Having a one-track mind is defined as a mind that is limited to only one line of thought or action. The phrase was inspired by a train that runs on only one track or direction. People with a one-track mind can accomplish great things like winning a race. Accomplishing a big goal often requires all of our focus. It may also prevent us from doing or noticing anything else. As Heidi said, “you chase down the gold with blinders that block out anything” else.
When I read the story Jesus shared about separating the sheep from the goats, I wonder if the goats in this story had a one-track mind.
There is a famous experiment done in Princeton Seminary in the ‘70s to research helping behavior. In this experiment, researchers had seminary students come individually to a building where they completed a questionnaire and were then asked to prepare a sermon on the Good Samaritan story. The students were told they would preach their sermon to a small group at another building on campus later in the day.
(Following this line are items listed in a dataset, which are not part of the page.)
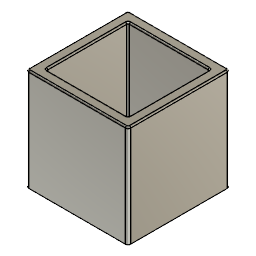
Drip Container (Autodesk Fusion 360 design; units mm, degrees)
Autodesk Fusion 360 part; units mm, degrees
sketch "Sketch1" plane through (0, 0, 0) normal (0, 0, 1) x (1, 0, 0)
  line L0 (75, 75) -> (-75, 75)
  line L1 (-75, 75) -> (-75, -75)
  line L2 (-75, -75) -> (75, -75)
  line L3 (75, -75) -> (75, 75)
  line L4 (75, 75) -> (-75, -75) construction
  line L5 (-75, 75) -> (75, -75) construction
  line L6 (60, 60) -> (-60, 60)
  line L7 (-60, 60) -> (-60, -60)
  line L8 (-60, -60) -> (60, -60)
  line L9 (60, -60) -> (60, 60)
  line L10 (60, 60) -> (-60, -60) construction
  line L11 (-60, 60) -> (60, -60) construction
  dimension "d1" = 150
  dimension "d2" = 150
  dimension "d3" = 120
  dimension "d4" = 120
  constraint horizontal L0
  constraint perpendicular L0 L1
  constraint parallel L0 L2
  constraint parallel L1 L3
  constraint coincident L4 origin
  constraint coincident L5 origin
  constraint horizontal L6
  constraint perpendicular L6 L7
  constraint parallel L6 L8
  constraint parallel L7 L9
  constraint coincident L10 origin
  constraint coincident L11 origin
  measures "d1" distance of L1.end L2.end
  measures "d2" distance of L0.end L1.end
  measures "d3" distance of L7.end L8.end
  measures "d4" distance of L6.end L7.end
extrude "Extrude1" add sketch "Sketch1" along normal blind 10 contours L6 L7 L8 L9
extrude "Extrude2" add sketch "Sketch1" along normal blind 150
fillet "Fillet1" radius 2 12 edges at (-60, 0, 150) (0, 60, 150) (60, 0, 150) (0, -60, 150) (0, 60, 10) (-60, 0, 10) (-60, 60, 80) (0, -60, 10) (-60, -60, 80) (60, -60, 80) (60, 0, 10) (60, 60, 80)
fillet "Fillet2" radius 4 4 edges at (75, -75, 75) (-75, -75, 75) (75, 75, 75) (-75, 75, 75)
fillet "Fillet3" radius 2 8 edges at (-73.8284, 73.8284, 150) (-75, 0, 150) (-73.8284, -73.8284, 150) (0, -75, 150) (73.8284, -73.8284, 150) (75, 0, 150) (73.8284, 73.8284, 150) (0, 75, 150)

To one group of students, once they were finished preparing their sermon, the researchers said, “They are not ready for you yet but you might as well head on over to the other building. If you have to wait there, it won’t be long.” To another group, the researchers said, “You’re late! They’ve been waiting for you. You’d better hurry up and get to the other building now!”
As the students walked to the other building (or maybe ran, depending on their sense of emergency), they were met with something unexpected. In an alleyway they needed to pass through, the researchers had placed a man slumped, with his eyes closed, and visibly in need. As the students entered the alleyway, the man would groan and cough. What the researchers wanted to know was, would the students prepared to preach on the Good Samaritan stop and help this man? Would they even notice the man? What would be the extent of their assistance?
As it turned out, of the students who were told they had plenty of time to get to the other building, 63% stopped and helped the slumped man. However, only 10% of those told they needed to be in a hurry stopped to help him. Was one group naturally more compassionate than the other? That seems unlikely. It is apparent that the difference in action between the two groups depended on how focused they were on their goal to get to the other building.
In their one-track mind to fulfill their obligations to the group waiting for them, some of the students in a hurry didn’t even notice the man. Others noticed but felt compelled to keep going, unable to allow even a few minutes to distract them from their goal. Some students even stepped over the man in need in their hurry to preach on the Good Samaritan!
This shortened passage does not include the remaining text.